Similar to the amygdala-vmPFC circuitry, the amgydala-sgACC rsFC was also shown to be positively correlated with PSS in adolescents, negatively (although not surviving multiple-test correction) correlated with PSS in young adults, and not correlated in adults. The amygdala-sgACC circuitry showed weaker functional connectivity during emotional processing among the short allele carriers of the 5′ promoter region (5-HTTLPR) of the human serotonin transporter gene, who were shown to possess higher risk for affective disorders (Lotrich and Pollock, 2004), compared to the long allele carriers (Pezawas et al., 2005). In the groups of young adults and adults, the amygdala-sgACC pathway showed bidirectional couplings, similar to the amygdala-vmPFC connectivity. However, the connectivity was directed from sgACC to amygdala in adolescents. Studies have revealed that sgACC is associated with automatic regulation of stress response, whereas regions in ventral and dorsal PFC are involved in voluntary emotional regulation (Phillips et al., 2008). Our findings of the bottom-up projection of amygdala to vmPFC and top-down projection of sgACC-to-amygdala in adolescents not only indicate divergent roles of various areas in medial PFC in stress processing, but also suggest that the automatic emotional regulation starts with a top-down model and develops to a model with bidirectional connections, whereas the voluntary emotional regulation starts with a bottom-up direction and matures to a bidirectional connectivity pattern after adolescence.

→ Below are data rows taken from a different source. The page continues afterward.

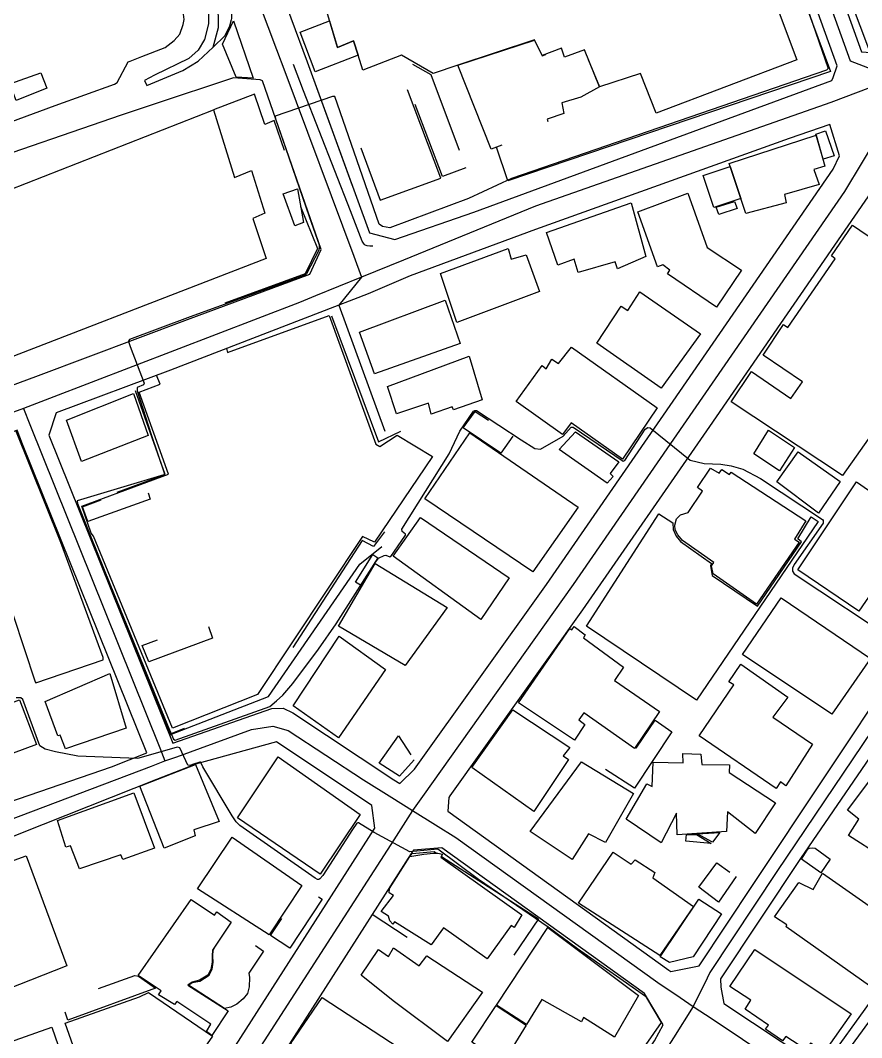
# Model space of a CAD drawing. Header units: millimetres. Extents: x 198785 to 203305, y 542885 to 545889.
# Drawn here: x 202460 to 202611.8, y 544903.6 to 545087.1 of the extents above; entities that cross this region are included whole.
import ezdxf

# ---------------------------------------------------------------- set-up
doc = ezdxf.new("R2010")
doc.units = ezdxf.units.MM
for name, pattern in [('FENCE_25K', [54.3, 28.7, -9.2, -16.4]), ('HIDDEN_BULD_25K', [28.8, 18.4, -10.4]), ('HIDDEN_IN_25K', [56.5, 36.5, -20])]:
    doc.linetypes.add(name, pattern=pattern)
for name, color, linetype in [('A0013117', 253, 'Continuous'), ('A0013118', 253, 'Continuous'), ('A0023217', 253, 'Continuous'), ('A0033324', 253, 'Continuous'), ('A0043325', 253, 'Continuous'), ('B0014111', 253, 'Continuous'), ('B0014112', 253, 'Continuous'), ('B0014113', 253, 'Continuous'), ('B0014116', 253, 'Continuous'), ('B0014118', 253, 'Continuous'), ('B0024120', 253, 'Continuous'), ('F0017111', 253, 'Continuous'), ('F0017114', 253, 'Continuous'), ('F0047224', 253, 'Continuous')]:
    doc.layers.add(name, color=color, linetype=linetype)

msp = doc.modelspace()

# ---------------------------------------------------------------- linework, layer by layer
at = {"layer": 'A0013117'}
for points in [[(202589.8, 545140.79), (202593.79, 545130.93), (202595.63, 545126.4), (202597.51, 545121.16), (202611.78, 545081.48), (202616.78, 545081.12), (202619.41, 545081.58), (202624.76, 545089.41), (202630.3, 545095.68), (202638.1, 545107.78), (202684.66, 545173.43), (202689.16, 545176.99), (202691.02, 545182.91)], [(202507.56, 545094.22), (202506.88, 545092.87), (202508.82, 545087.57), (202511.72, 545079.63), (202522.99, 545048.83), (202527.57, 545047.57), (202541.83, 545052.52), (202606.42, 545076.28), (202606.69, 545076.83), (202607.38, 545078.94), (202593.76, 545116.83), (202591.86, 545119.68)], [(202704.76, 545105.43), (202644.33, 545083.49), (202626.98, 545075.67), (202625.45, 545074.91), (202618.14, 545063.92), (202613.6, 545056.23), (202584.38, 545013.86), (202561.45, 544980.78), (202537.49, 544947.23), (202537.3, 544946.94), (202537.1, 544944.48), (202577.03, 544915.78), (202577.36, 544915.57), (202582.51, 544916.57)], [(202494.77, 545082.29), (202495.74, 545085.84), (202495.74, 545088.02), (202495.45, 545089.47), (202493.36, 545095.35), (202491.04, 545100.72), (202490.49, 545101.39), (202489.74, 545101.84), (202488.88, 545101.82)], [(202582.51, 544916.57), (202592.24, 544931.27), (202631.17, 544989.66), (202632.99, 544992.39), (202636.17, 544996.96), (202641.39, 545004.44), (202645.28, 545010.02), (202647.17, 545012.83), (202665.58, 545040.17), (202666.85, 545042.06), (202668.07, 545043.87), (202687.59, 545072.67), (202688.82, 545074.49), (202691.01, 545077.71), (202706.67, 545100.78)], [(202361.73, 545026.31), (202362.04, 545025.38), (202374.72, 544991.42), (202377.87, 544990.6), (202413.44, 545003.83), (202453.63, 545019.49), (202456.22, 545020.46), (202463.24, 545023.09), (202490.13, 545033.17), (202512.21, 545041.34), (202514.27, 545045.82), (202503.66, 545076.23)], [(202528.46, 544949.46), (202531.12, 544952.07), (202554.91, 544985.38), (202577.8, 545018.41), (202606.66, 545060.26), (202607.84, 545062.72), (202606.05, 545068.32), (202598.74, 545065.82), (202552.95, 545049.39), (202530.32, 545041.05), (202522.75, 545037.82), (202514.03, 545034.45), (202487.07, 545024.05), (202466.44, 545016.35), (202465.09, 545012.29), (202487.48, 544956.75), (202505.34, 544963.02), (202507.43, 544963.04), (202509.15, 544962.21), (202527.36, 544950.11), (202528.46, 544949.46)], [(202394.96, 544925.11), (202399.79, 544924.48), (202402.54, 544925.02), (202442.16, 544939.69), (202457.91, 544946.07), (202476.4, 544952.46), (202482.79, 544954.99), (202460.34, 545010.68), (202459.38, 545013.2), (202431.31, 545001.4), (202422.45, 544999.89), (202377.36, 544982.76), (202376.18, 544979.17), (202380.11, 544966.57), (202392.57, 544930.41), (202392.74, 544930.06), (202394.96, 544925.11)], [(202602.43, 544899.47), (202606.37, 544900.33), (202618.51, 544917.16), (202634.31, 544939.07), (202655.11, 544969.71), (202655.91, 544973.69), (202653.01, 544975.66), (202638.46, 544985.16), (202633.95, 544984.34), (202617.68, 544960.59), (202600.8, 544935.95), (202586.35, 544914.22), (202586.41, 544912.7), (202586.91, 544909.77), (202602.43, 544899.47)], [(202493.02, 544893.11), (202523.85, 544941.23), (202523.96, 544941.42), (202523.43, 544945.51), (202506.2, 544956.97), (202491.58, 544952.96), (202488.89, 544951.89), (202484.56, 544950.18), (202460.02, 544940.45), (202444.32, 544934.09), (202406.26, 544920), (202400.58, 544916.42), (202401.04, 544915.41), (202417.47, 544867.3)], [(202543.43, 544858.57), (202565.98, 544890.56), (202567.08, 544892.12), (202568.24, 544893.85), (202574.42, 544903.06), (202576.01, 544905.92), (202572.64, 544911.55), (202536.05, 544937.84), (202530.92, 544937.41), (202530.54, 544936.85), (202499.57, 544888.51), (202499.19, 544888.02), (202499.76, 544885.09), (202540.98, 544857.96), (202543.43, 544858.57)]]:
    msp.add_lwpolyline(points, dxfattribs=at)
at = {"layer": 'A0013118'}
for points in [[(202480.7, 545096.29), (202483.59, 545096.47), (202485.58, 545096.35), (202487.05, 545096.12), (202488.9, 545095.52), (202490.48, 545094.55), (202492.55, 545092.41), (202493.62, 545090.55), (202493.96, 545088.76), (202493.94, 545086.51), (202493.2, 545083.68), (202492.04, 545081.76), (202490.39, 545080.25), (202484.19, 545077.25), (202482.39, 545076.29), (202482.82, 545075.37), (202489.29, 545078.08), (202492.09, 545079.74), (202494.77, 545082.29)], [(202429.13, 545058), (202435.7, 545060.2), (202447.78, 545064.98), (202466.26, 545071.75), (202477, 545075.62), (202477.46, 545075.9), (202479.46, 545079.64), (202479.81, 545079.77), (202481.92, 545080.61), (202486.13, 545082.21), (202487.73, 545083.51), (202488.74, 545084.66), (202489.39, 545086.36), (202489.53, 545087.31), (202489.35, 545088.72), (202488.84, 545089.81), (202487.27, 545091.44), (202486.03, 545092.03), (202484.64, 545092.43), (202482.15, 545092.43)], [(202503.66, 545076.23), (202503.27, 545076.39), (202498.46, 545076.74), (202483.94, 545071.96), (202478.18, 545070.05), (202451.24, 545060.75), (202430.9, 545053.01)], [(202497.18, 545027.95), (202497.37, 545027.24), (202515.72, 545033.91), (202524.15, 545010.65), (202524.88, 545010.26), (202527.97, 545012.32), (202534.39, 545008.48), (202523.88, 544992.98), (202521.74, 544994.04), (202502.79, 544965.5), (202487.43, 544959.42), (202473.21, 544994.1), (202472.75, 544994.61), (202471.05, 544999.47), (202486.69, 545005.27), (202481.42, 545020.07), (202485.2, 545021.49), (202484.56, 545023.12)], [(202449.35, 545008.99), (202451.3, 545003.63), (202446.59, 545001.69), (202451.93, 544987.4), (202454.45, 544980.72), (202454.65, 544980.52), (202455.88, 544980.9), (202456.44, 544979.46), (202458.51, 544980.02), (202458.68, 544979.85), (202462.64, 544967.78), (202462.8, 544967.61), (202474.93, 544971.8), (202474.93, 544972.18), (202467.29, 544992.91), (202459.19, 545013.12)]]:
    msp.add_lwpolyline(points, dxfattribs=at)
at = {"layer": 'A0023217'}
for points in [[(202579.71, 545158.53), (202586.51, 545139.46), (202590.04, 545129.59), (202590.53, 545128.2), (202592.69, 545124.04), (202594.57, 545120.39), (202596.42, 545116.83), (202609.72, 545079.82), (202612.07, 545078.92), (202617.86, 545076.69)], [(202491.31, 545125.01), (202497.55, 545104.99), (202499.81, 545098.97), (202501.38, 545094.78), (202502.35, 545092.17), (202504.66, 545086.01), (202506.21, 545081.89), (202507.69, 545077.93), (202520.17, 545044.57), (202521.56, 545040.83)], [(202617.86, 545076.69), (202606.24, 545072.3), (202552.95, 545053.64), (202529.12, 545043.89), (202521.56, 545040.83)], [(202617.86, 545076.69), (202616.51, 545071.87), (202615.08, 545066.83), (202608.74, 545056.23), (202559.77, 544985.38), (202532.56, 544947.1), (202530.78, 544944.59)], [(202521.56, 545040.83), (202513.24, 545037.43), (202510.37, 545036.26), (202465.22, 545018.92), (202460.52, 545017.11)], [(202521.56, 545040.83), (202517.47, 545035.78), (202525.73, 545013.03)], [(202460.52, 545017.11), (202458.07, 545016.21), (202422.45, 545003.1), (202409.48, 544998.17), (202375.46, 544985.25), (202371.36, 544983.69)], [(202460.52, 545017.11), (202461.68, 545014.23), (202475.14, 544980.74), (202485.13, 544955.87), (202486.08, 544953.52)], [(202635.33, 544990.38), (202633.47, 544988.36), (202632.55, 544987.01), (202596.52, 544933.61), (202584.43, 544915.39), (202583.93, 544914.37), (202581.42, 544909.26)], [(202605.29, 544893.18), (202607.09, 544895.82), (202608.34, 544899.94), (202631.43, 544931.47), (202658.9, 544971.71), (202660.69, 544974.34)], [(202486.08, 544953.52), (202488.19, 544954.29), (202501.68, 544959.2), (202505.55, 544959.83), (202508.32, 544959), (202521.93, 544950.11), (202527.04, 544946.92), (202530.78, 544944.59)], [(202394.76, 544920.23), (202395.95, 544920.26), (202397.76, 544920.78), (202406.26, 544923.2), (202442.16, 544936.49), (202457.91, 544942.83), (202483.67, 544952.61), (202486.08, 544953.52)], [(202530.78, 544944.59), (202527.38, 544939.32), (202495.02, 544889.16), (202492.92, 544886.17)], [(202530.78, 544944.59), (202534.93, 544942), (202538.56, 544939.73), (202575, 544913.56), (202579.03, 544910.86), (202581.42, 544909.26)], [(202581.42, 544909.26), (202577.84, 544903.6), (202574.7, 544898.64), (202570.6, 544892.15), (202569.45, 544890.33)], [(202581.42, 544909.26), (202584.81, 544906.99), (202590.3, 544903.32), (202601.14, 544895.99), (202605.29, 544893.18)]]:
    msp.add_lwpolyline(points, dxfattribs=at)
at = {"layer": 'A0033324', "linetype": 'HIDDEN_IN_25K', "flags": 128}
for points in [[(202491.26, 545107.35), (202496.83, 545093.04), (202498.03, 545089.12), (202498.06, 545087.47), (202498.02, 545087.23), (202497.71, 545086.09), (202496.91, 545084.32), (202494.77, 545082.29), (202495.74, 545085.84), (202495.74, 545088.02), (202495.45, 545089.47), (202493.36, 545095.35), (202491.04, 545100.72), (202490.49, 545101.39), (202489.74, 545101.84), (202488.88, 545101.82), (202481.16, 545098.78), (202480.76, 545099.96), (202469.6, 545095.7), (202461.57, 545092.63), (202439.86, 545084.34), (202412.49, 545073.72), (202366, 545056.24), (202354.21, 545051.63), (202352.87, 545052.16), (202352.46, 545052.5), (202352.18, 545052.77), (202350.81, 545056.43), (202350.8, 545057.18), (202350.85, 545057.65), (202351.07, 545058.56), (202351.32, 545059.21), (202351.69, 545059.74), (202352.28, 545060.12), (202358.51, 545062.75), (202381.48, 545071.91), (202405.62, 545081.01), (202440.55, 545094.22), (202464.44, 545103.54), (202483.54, 545110.61), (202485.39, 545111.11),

The current findings should be considered in view of the following limitations. The present study used a cross-sectional design and was thus limited in delineating the complete longitudinal brain developmental trajectories. Future longitudinal studies are needed to provide more definitive evidence on the transitional relationship between perceived stress and prefrontal-amygdala connectivity patterns across different developmental stages. Also, while our imaging results suggested less-developed top-down affect regulatory functions between the vmPFC and amygdala, we obtained no significant differences across age groups on self-reported perceived stress. Two reasons may explain such null finding. First, all our participants were psychologically healthy, thus their levels of stress experience may tend to be more uniform and normalized (Yang and Huang, 2003). Second, the PSS focuses solely on subjective stress experience and provides no objective stress measures. It is thus possible that the adolescent age group generally experienced less objective stress than the older age groups, resulting in comparable levels of perceived stress. Future research could complement the current findings by including clinical samples and employ laboratory stress-manipulation techniques to provide more direct evidence on the implication of vmPFC-amygdala connectivity patterns on affect/stress regulation.

Conclusions

Our findings support the notion that the neurodevelopmental trajectories from adolescence to adulthood contribute to changes in the relationship between perceived stress and PFC-limbic network functioning. Specifically, the amygdala-vmPFC circuitry was critically involved in regulation of stress processing, the nature and extents of which differed across adolescents, young adults and adults. Findings from this study help to further our understanding of the complex interplay between brain development, stress perception and PFC-limbic network functioning, with clinical implications in understanding and treatment of stress-related affective disorders in young individuals.